I prepare for Tokyo by quitting vapes. One week until departure, and I’ve not bought a single item on my list. I’m a zombie, moving through life in a cloud of smoke.
My share house from the last six months is ejecting me. I have nowhere to live. It’s a repeat of last January, when my parents sold our Ipswich home to my older brother without consideration of how having no backup apart from a couch might fuck a girl up. No job. No partner. No stability.
Now I really am desperate enough to invade their living room, or I will be in the new year. First, I’m vanishing to Japan for a month-long writing course.
It’s Monday. I leave in five days. Dad arrives at 9am sharp in his two-seater Mercedes Sprinter. They have plans to renovate it into a campervan, but it’s still empty enough to transport furniture. We spend the morning dismantling the $50 Ikea bed frame I was so proud of sourcing all those months ago. It collapses as we loosen the screws.
I was too high the night before to realise it was my last in the house. I’m holding back tears as I hug my best friend goodbye. We’ll never live together again; not when letting me stay was a favour she hid from her grandma for far too long. The law has been laid. Today is eviction day.
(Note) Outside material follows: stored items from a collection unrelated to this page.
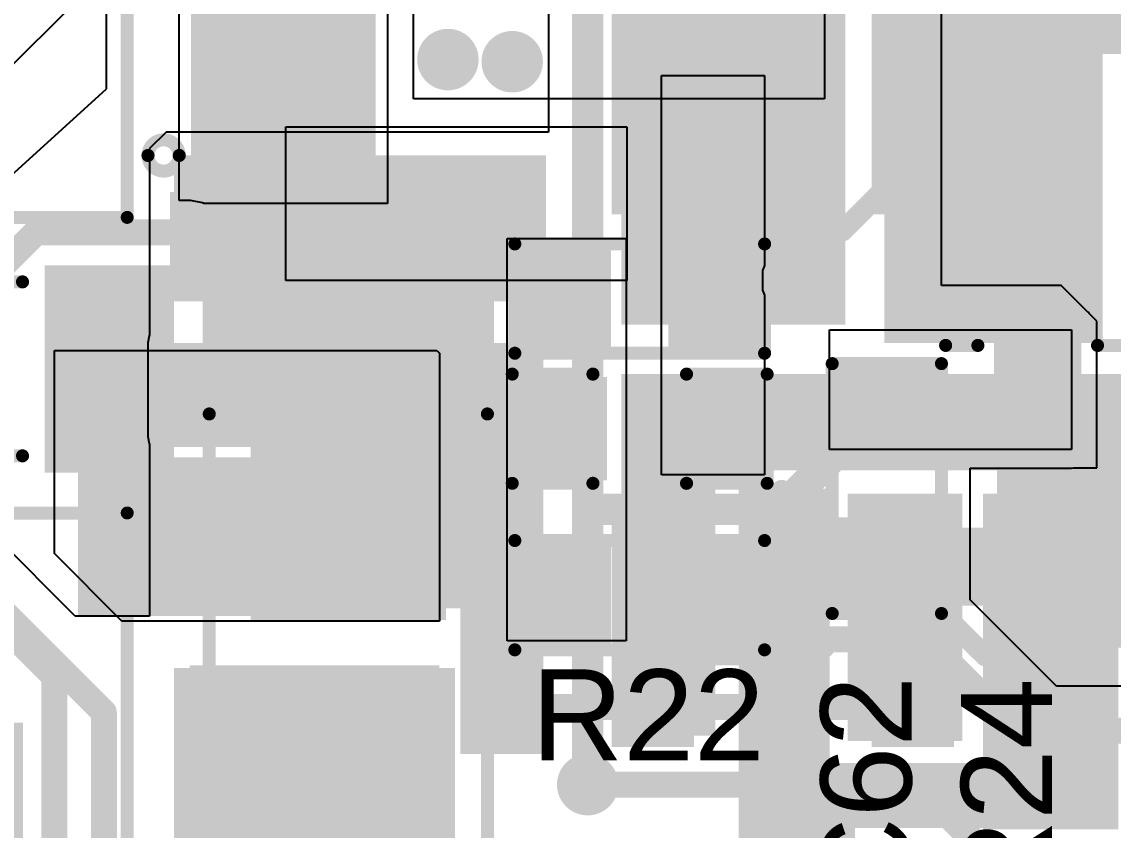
# Model space of a CAD drawing. Header units: millimetres. Extents: x -35.7 to 35.7, y -3.2 to 68.2.
# Drawn here: x -0.57 to 10.08, y 27.91 to 35.8 of the extents above; entities that cross this region are included whole.
import ezdxf

# ---------------------------------------------------------------- set-up
doc = ezdxf.new("R2010")
doc.units = ezdxf.units.MM
for name, color, linetype in [('BottomLayer', 5, 'Continuous'), ('BottomPaste', 16, 'Continuous'), ('BottomSolder', 6, 'Continuous'), ('TopLayer', 1, 'Continuous'), ('TopOverlay', 2, 'Continuous'), ('TopPaste', 8, 'Continuous'), ('TopSolder', 216, 'Continuous'), ('ViaHoleLayer', 16, 'Continuous')]:
    doc.layers.add(name, color=color, linetype=linetype)
doc.styles.add('Arial', font='', dxfattribs={"height": 0.2})
doc.styles.get('Arial').set_extended_font_data('Arial')

# ---------------------------------------------------------------- blocks, each defined once
blk = doc.blocks.new('DPAK_1')
at = {"layer": 'TopLayer'}
for points in [[(-2.9, 0.49), (-2.9, 6.69), (2.9, 6.69), (2.9, 0.49)], [(-3.085, -5.09), (-3.085, -2.09), (-1.485, -2.09), (-1.485, -5.09)], [(1.485, -5.09), (1.485, -2.09), (3.085, -2.09), (3.085, -5.09)]]:
    blk.add_hatch(color=1, dxfattribs=at).paths.add_polyline_path(points)
at = {"layer": 'TopPaste'}
for points in [[(-2.9, 0.49), (-2.9, 6.69), (2.9, 6.69), (2.9, 0.49)], [(-3.085, -5.09), (-3.085, -2.09), (-1.485, -2.09), (-1.485, -5.09)], [(1.485, -5.09), (1.485, -2.09), (3.085, -2.09), (3.085, -5.09)]]:
    blk.add_hatch(color=8, dxfattribs=at).paths.add_polyline_path(points)
at = {"layer": 'TopSolder'}
for points in [[(-3.002, 0.388), (-3.002, 6.792), (3.002, 6.792), (3.002, 0.388)], [(-3.187, -5.192), (-3.187, -1.988), (-1.383, -1.988), (-1.383, -5.192)], [(1.383, -5.192), (1.383, -1.988), (3.187, -1.988), (3.187, -5.192)]]:
    blk.add_hatch(color=216, dxfattribs=at).paths.add_polyline_path(points)
at = {"layer": 'TopOverlay', "const_width": 0.127}
for points in [[(-3.277, 4.877), (-3.023, 4.877)], [(-3.277, -1.194), (-3.277, 4.877)], [(3.023, 4.877), (3.277, 4.877)], [(3.277, -1.194), (3.277, 4.877)], [(-3.277, -1.194), (3.277, -1.194)]]:
    blk.add_lwpolyline(points, dxfattribs=at)
at = {"layer": 'TopOverlay'}
for points, const_width in [([(-3.308, 4.877, 1), (-3.245, 4.877, 1)], 0.0635), ([(-3.308, 4.877, 1), (-3.245, 4.877, 1)], 0.0635), ([(-3.054, 4.877, 1), (-2.991, 4.877, 1)], 0.0635), ([(2.991, 4.877, 1), (3.054, 4.877, 1)], 0.0635), ([(3.245, 4.877, 1), (3.308, 4.877, 1)], 0.0635), ([(3.245, 4.877, 1), (3.308, 4.877, 1)], 0.0635), ([(-3.308, -1.194, 1), (-3.245, -1.194, 1)], 0.0635), ([(-3.308, -1.194, 1), (-3.245, -1.194, 1)], 0.0635), ([(3.245, -1.194, 1), (3.308, -1.194, 1)], 0.0635), ([(3.245, -1.194, 1), (3.308, -1.194, 1)], 0.0635), ([(-3.302, -4.623, 1), (-3.607, -4.623, 1)], 0.127), ([(-3.639, -4.623, 1), (-3.575, -4.623, 1)], 0.0635), ([(-3.334, -4.623, 1), (-3.27, -4.623, 1)], 0.0635)]:
    blk.add_lwpolyline(points, format="xyb", close=True, dxfattribs=dict(at, const_width=const_width))
blk = doc.blocks.new('R__0603_2')
at = {"layer": 'TopLayer'}
for points in [[(-0.381, 0.4445), (-0.381, -0.4445), (-1.143, -0.4445), (-1.143, 0.4445)], [(1.143, 0.4445), (1.143, -0.4445), (0.381, -0.4445), (0.381, 0.4445)]]:
    blk.add_hatch(color=1, dxfattribs=at).paths.add_polyline_path(points)
at = {"layer": 'TopPaste'}
for points in [[(-0.381, 0.4445), (-0.381, -0.4445), (-1.143, -0.4445), (-1.143, 0.4445)], [(1.143, 0.4445), (1.143, -0.4445), (0.381, -0.4445), (0.381, 0.4445)]]:
    blk.add_hatch(color=8, dxfattribs=at).paths.add_polyline_path(points)
at = {"layer": 'TopSolder'}
for points in [[(-0.2794, 0.5461), (-0.2794, -0.5461), (-1.2446, -0.5461), (-1.2446, 0.5461)], [(1.2446, 0.5461), (1.2446, -0.5461), (0.2794, -0.5461), (0.2794, 0.5461)]]:
    blk.add_hatch(color=216, dxfattribs=at).paths.add_polyline_path(points)
at = {"layer": 'TopOverlay', "const_width": 0.127}
for points in [[(-1.2192, 0.5334), (-1.2192, -0.5334)], [(1.2192, 0.5334), (-1.2192, 0.5334)], [(1.2192, 0.5334), (1.2192, -0.5334)], [(1.2192, -0.5334), (-1.2192, -0.5334)]]:
    blk.add_lwpolyline(points, dxfattribs=at)
at = {"layer": 'TopOverlay', "const_width": 0.0635}
for points in [[(-1.25095, 0.5334, 1), (-1.18745, 0.5334, 1)], [(-1.25095, 0.5334, 1), (-1.18745, 0.5334, 1)], [(1.18745, 0.5334, 1), (1.25095, 0.5334, 1)], [(1.18745, 0.5334, 1), (1.25095, 0.5334, 1)], [(-1.25095, -0.5334, 1), (-1.18745, -0.5334, 1)], [(-1.25095, -0.5334, 1), (-1.18745, -0.5334, 1)], [(1.18745, -0.5334, 1), (1.25095, -0.5334, 1)], [(1.18745, -0.5334, 1), (1.25095, -0.5334, 1)]]:
    blk.add_lwpolyline(points, format="xyb", close=True, dxfattribs=at)
blk = doc.blocks.new('R__0603_3')
at = {"layer": 'TopLayer'}
for points in [[(-0.381, 0.4445), (-0.381, -0.4445), (-1.143, -0.4445), (-1.143, 0.4445)], [(1.143, 0.4445), (1.143, -0.4445), (0.381, -0.4445), (0.381, 0.4445)]]:
    blk.add_hatch(color=1, dxfattribs=at).paths.add_polyline_path(points)
at = {"layer": 'TopPaste'}
for points in [[(-0.381, 0.4445), (-0.381, -0.4445), (-1.143, -0.4445), (-1.143, 0.4445)], [(1.143, 0.4445), (1.143, -0.4445), (0.381, -0.4445), (0.381, 0.4445)]]:
    blk.add_hatch(color=8, dxfattribs=at).paths.add_polyline_path(points)
at = {"layer": 'TopSolder'}
for points in [[(-0.2794, 0.5461), (-0.2794, -0.5461), (-1.2446, -0.5461), (-1.2446, 0.5461)], [(1.2446, 0.5461), (1.2446, -0.5461), (0.2794, -0.5461), (0.2794, 0.5461)]]:
    blk.add_hatch(color=216, dxfattribs=at).paths.add_polyline_path(points)
at = {"layer": 'TopOverlay', "const_width": 0.127}
for points in [[(-1.2192, 0.5334), (-1.2192, -0.5334)], [(1.2192, 0.5334), (-1.2192, 0.5334)], [(1.2192, 0.5334), (1.2192, -0.5334)], [(1.2192, -0.5334), (-1.2192, -0.5334)]]:
    blk.add_lwpolyline(points, dxfattribs=at)
at = {"layer": 'TopOverlay', "const_width": 0.0635}
for points in [[(-1.25095, 0.5334, 1), (-1.18745, 0.5334, 1)], [(-1.25095, 0.5334, 1), (-1.18745, 0.5334, 1)], [(1.18745, 0.5334, 1), (1.25095, 0.5334, 1)], [(1.18745, 0.5334, 1), (1.25095, 0.5334, 1)], [(-1.25095, -0.5334, 1), (-1.18745, -0.5334, 1)], [(-1.25095, -0.5334, 1), (-1.18745, -0.5334, 1)], [(1.18745, -0.5334, 1), (1.25095, -0.5334, 1)], [(1.18745, -0.5334, 1), (1.25095, -0.5334, 1)]]:
    blk.add_lwpolyline(points, format="xyb", close=True, dxfattribs=at)
blk = doc.blocks.new('C___0603_4')
at = {"layer": 'TopLayer'}
for points in [[(-0.381, 0.445), (-0.381, -0.445), (-1.143, -0.445), (-1.143, 0.445)], [(1.143, 0.445), (1.143, -0.445), (0.381, -0.445), (0.381, 0.445)]]:
    blk.add_hatch(color=1, dxfattribs=at).paths.add_polyline_path(points)
at = {"layer": 'TopPaste'}
for points in [[(-0.381, 0.445), (-0.381, -0.445), (-1.143, -0.445), (-1.143, 0.445)], [(1.143, 0.445), (1.143, -0.445), (0.381, -0.445), (0.381, 0.445)]]:
    blk.add_hatch(color=8, dxfattribs=at).paths.add_polyline_path(points)
at = {"layer": 'TopSolder'}
for points in [[(-0.321, 0.504), (-0.321, -0.504), (-1.203, -0.504), (-1.203, 0.504)], [(1.203, 0.504), (1.203, -0.504), (0.321, -0.504), (0.321, 0.504)]]:
    blk.add_hatch(color=216, dxfattribs=at).paths.add_polyline_path(points)
at = {"layer": 'TopOverlay', "const_width": 0.127}
for points in [[(-1.245, -0.533), (-1.245, 0.533)], [(-1.245, 0.533), (-0.457, 0.533)], [(0.457, 0.533), (1.245, 0.533)], [(1.245, -0.533), (1.245, 0.533)], [(-1.245, -0.533), (-0.457, -0.533)], [(0.457, -0.533), (1.245, -0.533)]]:
    blk.add_lwpolyline(points, dxfattribs=at)
at = {"layer": 'TopOverlay', "const_width": 0.0635}
for points in [[(-1.276, 0.533, 1), (-1.213, 0.533, 1)], [(-1.276, 0.533, 1), (-1.213, 0.533, 1)], [(-0.489, 0.533, 1), (-0.425, 0.533, 1)], [(0.425, 0.533, 1), (0.489, 0.533, 1)], [(1.213, 0.533, 1), (1.276, 0.533, 1)], [(1.213, 0.533, 1), (1.276, 0.533, 1)], [(-1.276, -0.533, 1), (-1.213, -0.533, 1)], [(-1.276, -0.533, 1), (-1.213, -0.533, 1)], [(-0.489, -0.533, 1), (-0.425, -0.533, 1)], [(0.425, -0.533, 1), (0.489, -0.533, 1)], [(1.213, -0.533, 1), (1.276, -0.533, 1)], [(1.213, -0.533, 1), (1.276, -0.533, 1)]]:
    blk.add_lwpolyline(points, format="xyb", close=True, dxfattribs=at)
blk = doc.blocks.new('SOD_123_6')
at = {"layer": 'TopLayer'}
for points in [[(-2.225, 0.325), (-1.255, 0.325), (-1.255, -0.325), (-2.225, -0.325)], [(1.255, 0.325), (2.225, 0.325), (2.225, -0.325), (1.255, -0.325)]]:
    blk.add_hatch(color=1, dxfattribs=at).paths.add_polyline_path(points)
at = {"layer": 'TopOverlay'}
for points in [[(-3.253, -0.863), (-2.313, -0.863), (-2.313, 0.925), (-3.253, 0.925)], [(-2.364, 0.382), (-1.475, 0.382), (-1.475, 0.925), (-2.364, 0.925)], [(-2.364, -0.923), (-1.475, -0.923), (-1.475, -0.38), (-2.364, -0.38)]]:
    blk.add_hatch(color=2, dxfattribs=at).paths.add_polyline_path(points)
at = {"layer": 'TopPaste'}
for points in [[(-2.225, 0.325), (-1.255, 0.325), (-1.255, -0.325), (-2.225, -0.325)], [(1.255, 0.325), (2.225, 0.325), (2.225, -0.325), (1.255, -0.325)]]:
    blk.add_hatch(color=8, dxfattribs=at).paths.add_polyline_path(points)
at = {"layer": 'TopSolder'}
for points in [[(-2.327, 0.427), (-1.153, 0.427), (-1.153, -0.427), (-2.327, -0.427)], [(1.153, 0.427), (2.327, 0.427), (2.327, -0.427), (1.153, -0.427)]]:
    blk.add_hatch(color=216, dxfattribs=at).paths.add_polyline_path(points)
at = {"layer": 'TopOverlay', "const_width": 0.127}
for points in [[(1.397, 0.899), (-3.2, 0.899)], [(1.397, 0.584), (1.397, 0.899)], [(1.397, -0.899), (1.397, -0.584)], [(1.397, -0.899), (-3.2, -0.899)]]:
    blk.add_lwpolyline(points, dxfattribs=at)
at = {"layer": 'TopOverlay', "const_width": 0.0635}
for points in [[(-3.232, 0.899, 1), (-3.169, 0.899, 1)], [(1.365, 0.899, 1), (1.429, 0.899, 1)], [(1.365, 0.899, 1), (1.429, 0.899, 1)], [(1.365, 0.584, 1), (1.429, 0.584, 1)], [(1.365, -0.584, 1), (1.429, -0.584, 1)], [(-3.232, -0.899, 1), (-3.169, -0.899, 1)], [(1.365, -0.899, 1), (1.429, -0.899, 1)], [(1.365, -0.899, 1), (1.429, -0.899, 1)]]:
    blk.add_lwpolyline(points, format="xyb", close=True, dxfattribs=at)
blk = doc.blocks.new('R__0603_7')
at = {"layer": 'TopLayer'}
for points in [[(-0.381, 0.4445), (-0.381, -0.4445), (-1.143, -0.4445), (-1.143, 0.4445)], [(1.143, 0.4445), (1.143, -0.4445), (0.381, -0.4445), (0.381, 0.4445)]]:
    blk.add_hatch(color=1, dxfattribs=at).paths.add_polyline_path(points)
at = {"layer": 'TopPaste'}
for points in [[(-0.381, 0.4445), (-0.381, -0.4445), (-1.143, -0.4445), (-1.143, 0.4445)], [(1.143, 0.4445), (1.143, -0.4445), (0.381, -0.4445), (0.381, 0.4445)]]:
    blk.add_hatch(color=8, dxfattribs=at).paths.add_polyline_path(points)
at = {"layer": 'TopSolder'}
for points in [[(-0.2794, 0.5461), (-0.2794, -0.5461), (-1.2446, -0.5461), (-1.2446, 0.5461)], [(1.2446, 0.5461), (1.2446, -0.5461), (0.2794, -0.5461), (0.2794, 0.5461)]]:
    blk.add_hatch(color=216, dxfattribs=at).paths.add_polyline_path(points)
at = {"layer": 'TopOverlay', "const_width": 0.127}
for points in [[(-1.2192, -0.5334), (-1.2192, 0.5334)], [(1.2192, 0.5334), (-1.2192, 0.5334)], [(1.2192, -0.5334), (1.2192, 0.5334)], [(1.2192, -0.5334), (-1.2192, -0.5334)]]:
    blk.add_lwpolyline(points, dxfattribs=at)
at = {"layer": 'TopOverlay', "const_width": 0.0635}
for points in [[(-1.25095, 0.5334, 1), (-1.18745, 0.5334, 1)], [(-1.25095, 0.5334, 1), (-1.18745, 0.5334, 1)], [(1.18745, 0.5334, 1), (1.25095, 0.5334, 1)], [(1.18745, 0.5334, 1), (1.25095, 0.5334, 1)], [(-1.25095, -0.5334, 1), (-1.18745, -0.5334, 1)], [(-1.25095, -0.5334, 1), (-1.18745, -0.5334, 1)], [(1.18745, -0.5334, 1), (1.25095, -0.5334, 1)], [(1.18745, -0.5334, 1), (1.25095, -0.5334, 1)]]:
    blk.add_lwpolyline(points, format="xyb", close=True, dxfattribs=at)
blk = doc.blocks.new('SMA_16')
at = {"layer": 'TopLayer'}
for points in [[(-3.25, 0.85), (-0.75, 0.85), (-0.75, -0.85), (-3.25, -0.85)], [(0.75, 0.85), (3.25, 0.85), (3.25, -0.85), (0.75, -0.85)]]:
    blk.add_hatch(color=1, dxfattribs=at).paths.add_polyline_path(points)
at = {"layer": 'TopOverlay'}
for points in [[(-4.445, -1.422), (-3.278, -1.422), (-3.278, 1.422), (-4.445, 1.422)], [(-3.3, 0.924), (-2.596, 0.924), (-2.596, 1.422), (-3.3, 1.422)], [(-3.3, -1.422), (-2.596, -1.422), (-2.596, -0.924), (-3.3, -0.924)]]:
    blk.add_hatch(color=2, dxfattribs=at).paths.add_polyline_path(points)
at = {"layer": 'TopPaste'}
for points in [[(-3.25, 0.85), (-0.75, 0.85), (-0.75, -0.85), (-3.25, -0.85)], [(0.75, 0.85), (3.25, 0.85), (3.25, -0.85), (0.75, -0.85)]]:
    blk.add_hatch(color=8, dxfattribs=at).paths.add_polyline_path(points)
at = {"layer": 'TopSolder'}
for points in [[(-3.352, 0.952), (-0.648, 0.952), (-0.648, -0.952), (-3.352, -0.952)], [(0.648, 0.952), (3.352, 0.952), (3.352, -0.952), (0.648, -0.952)]]:
    blk.add_hatch(color=216, dxfattribs=at).paths.add_polyline_path(points)
at = {"layer": 'TopOverlay', "const_width": 0.127}
for points in [[(2.061, 1.358), (-2.658, 1.358)], [(2.061, 1.012), (2.061, 1.358)], [(2.061, -1.358), (2.061, -1.012)], [(2.061, -1.358), (-2.658, -1.358)]]:
    blk.add_lwpolyline(points, dxfattribs=at)
at = {"layer": 'TopOverlay', "const_width": 0.0635}
for points in [[(-2.69, 1.358, 1), (-2.626, 1.358, 1)], [(2.029, 1.358, 1), (2.093, 1.358, 1)], [(2.029, 1.358, 1), (2.093, 1.358, 1)], [(2.029, 1.012, 1), (2.093, 1.012, 1)], [(2.029, -1.012, 1), (2.093, -1.012, 1)], [(-2.69, -1.358, 1), (-2.626, -1.358, 1)], [(2.029, -1.358, 1), (2.093, -1.358, 1)], [(2.029, -1.358, 1), (2.093, -1.358, 1)]]:
    blk.add_lwpolyline(points, format="xyb", close=True, dxfattribs=at)
blk = doc.blocks.new('RES0603_B_46')
at = {"layer": 'BottomLayer'}
for points in [[(-1.143, -0.4445), (-1.143, 0.4445), (-0.381, 0.4445), (-0.381, -0.4445)], [(0.381, -0.4445), (0.381, 0.4445), (1.143, 0.4445), (1.143, -0.4445)]]:
    blk.add_hatch(color=5, dxfattribs=at).paths.add_polyline_path(points)
at = {"layer": 'BottomPaste'}
for points in [[(-1.143, -0.4445), (-1.143, 0.4445), (-0.381, 0.4445), (-0.381, -0.4445)], [(0.381, -0.4445), (0.381, 0.4445), (1.143, 0.4445), (1.143, -0.4445)]]:
    blk.add_hatch(color=16, dxfattribs=at).paths.add_polyline_path(points)
at = {"layer": 'BottomSolder'}
for points in [[(-1.2446, -0.5461), (-1.2446, 0.5461), (-0.2794, 0.5461), (-0.2794, -0.5461)], [(0.2794, -0.5461), (0.2794, 0.5461), (1.2446, 0.5461), (1.2446, -0.5461)]]:
    blk.add_hatch(color=6, dxfattribs=at).paths.add_polyline_path(points)
blk = doc.blocks.new('AO4882_MS_B_53')
at = {"layer": 'BottomLayer'}
for points in [[(-3.7, 2.205), (-1.5, 2.205), (-1.5, 1.605), (-3.7, 1.605)], [(1.5, 2.205), (3.7, 2.205), (3.7, 1.605), (1.5, 1.605)], [(-3.7, 0.935), (-1.5, 0.935), (-1.5, 0.335), (-3.7, 0.335)], [(1.5, 0.935), (3.7, 0.935), (3.7, 0.335), (1.5, 0.335)], [(-3.7, -0.335), (-1.5, -0.335), (-1.5, -0.935), (-3.7, -0.935)], [(1.5, -0.335), (3.7, -0.335), (3.7, -0.935), (1.5, -0.935)], [(-3.7, -1.605), (-1.5, -1.605), (-1.5, -2.205), (-3.7, -2.205)], [(1.5, -1.605), (3.7, -1.605), (3.7, -2.205), (1.5, -2.205)]]:
    blk.add_hatch(color=5, dxfattribs=at).paths.add_polyline_path(points)
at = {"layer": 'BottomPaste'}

I’m going to miss her and her boyfriend. We were a family once, when we were seshing daily. Now I’m the brown-headed cowbird infiltrating their nest. Always underfoot and out of place. The luxury of living with your bestie wears away faster than you’d imagine, especially when there’s no weed softening your interactions. They want their space, and I’m being forced to give it to them.
Everything is in. The heavens mourn with me as Dad shifts the gearstick into first and starts on a tangent about 3D-printing or metal sculpting or the mouse trap he’s inventing. He talks so much it’s not hard pretending to listen. I gaze out the window like the protagonist of a coming-of-age teen drama. The rain increases my self-pity.
“We’ll have to unload tomorrow. And I have no clue where we’re putting all this, my shipping container is full,” Dad says. I grunt in acknowledgment and his brain reels him back to the previous line of thought.
We continue farther into the countryside, retracing the route my primary school bus used to take. I grew up on a two-acre property on the corner of a farm, only a two-hour drive from Brisbane city and civilisation. There are three pubs and four churches crowding the main street of town. I never thought I’d go back.
The sun is shining in our valley, though the potholes in the gravel drive have become puddles. Mum’s lounging on the porch of their studio granny flat when we pull up. The main house – less than a hundred metres from the front door – is occupied by renters.
“Hello darling!” She leans over for a peck as Dad beelines for the kitchen.
I chuck my backpack inside and join Mum. I can’t wait any longer.
The glass mouthpiece is sweeter than any kiss. Smoke tickles my lungs and I cough. Chuff, chuff, chuffing until my head is lighter than my body. Anything to forget the fact I’m a homeless 21-year-old with no aspirations.
I’ve been rolling and re-rolling clothes for hours when exhaustion grabs my hand, dragging me onto the futon. What I want is for Mum to tell me what shouldn’t be in the suitcase, but my parents have already passed out. Their synchronised snoring lulls me under. I don’t dream; I never do. Another piece of myself I’ve lost to stonerhood.
I wake up with the sun, brew a cuppa and join Mum in our spot. She’s serene, crocheting to the early morning birdsong, hook twining the wool into a beanie for my upcoming trip. She could be happy if she wasn’t chained to the curse of shift work. Nursing is sacrifice. I’ve never wanted to be my mother.
“Morning,” she chirps, and hands me the bong.
A week later I’m in Tokyo. My feet are planted firmly on the ground, the skyscrapers clear in my vision. I’m a sober mess. I can’t count how many mental breakdowns I’ve had since arriving. Mum and Dad are sick of watching me cry over FaceTime, so I’ve stopped calling. It was foolish to come here thinking everything would be fine when I’m not.
Horror stories about months-long imprisonment without a phone call keep me from seeking any illegalities. There’s merch in the coffee shop below our co-working space with the tagline Mugs Not Drugs. If only I could find a decent oat milk latte to alleviate my suffering.
Family Mart is quiet this late. I point at the shelf behind the counter and checkout chick hands my quarry over. The box only costs two dollars.
A hollowness resides in my stomach: no amount of ramen fills it. How can I be homesick when I have no home? I drag on the cigarette, sighing at the touch of nicotine. It’s a sorry replacement.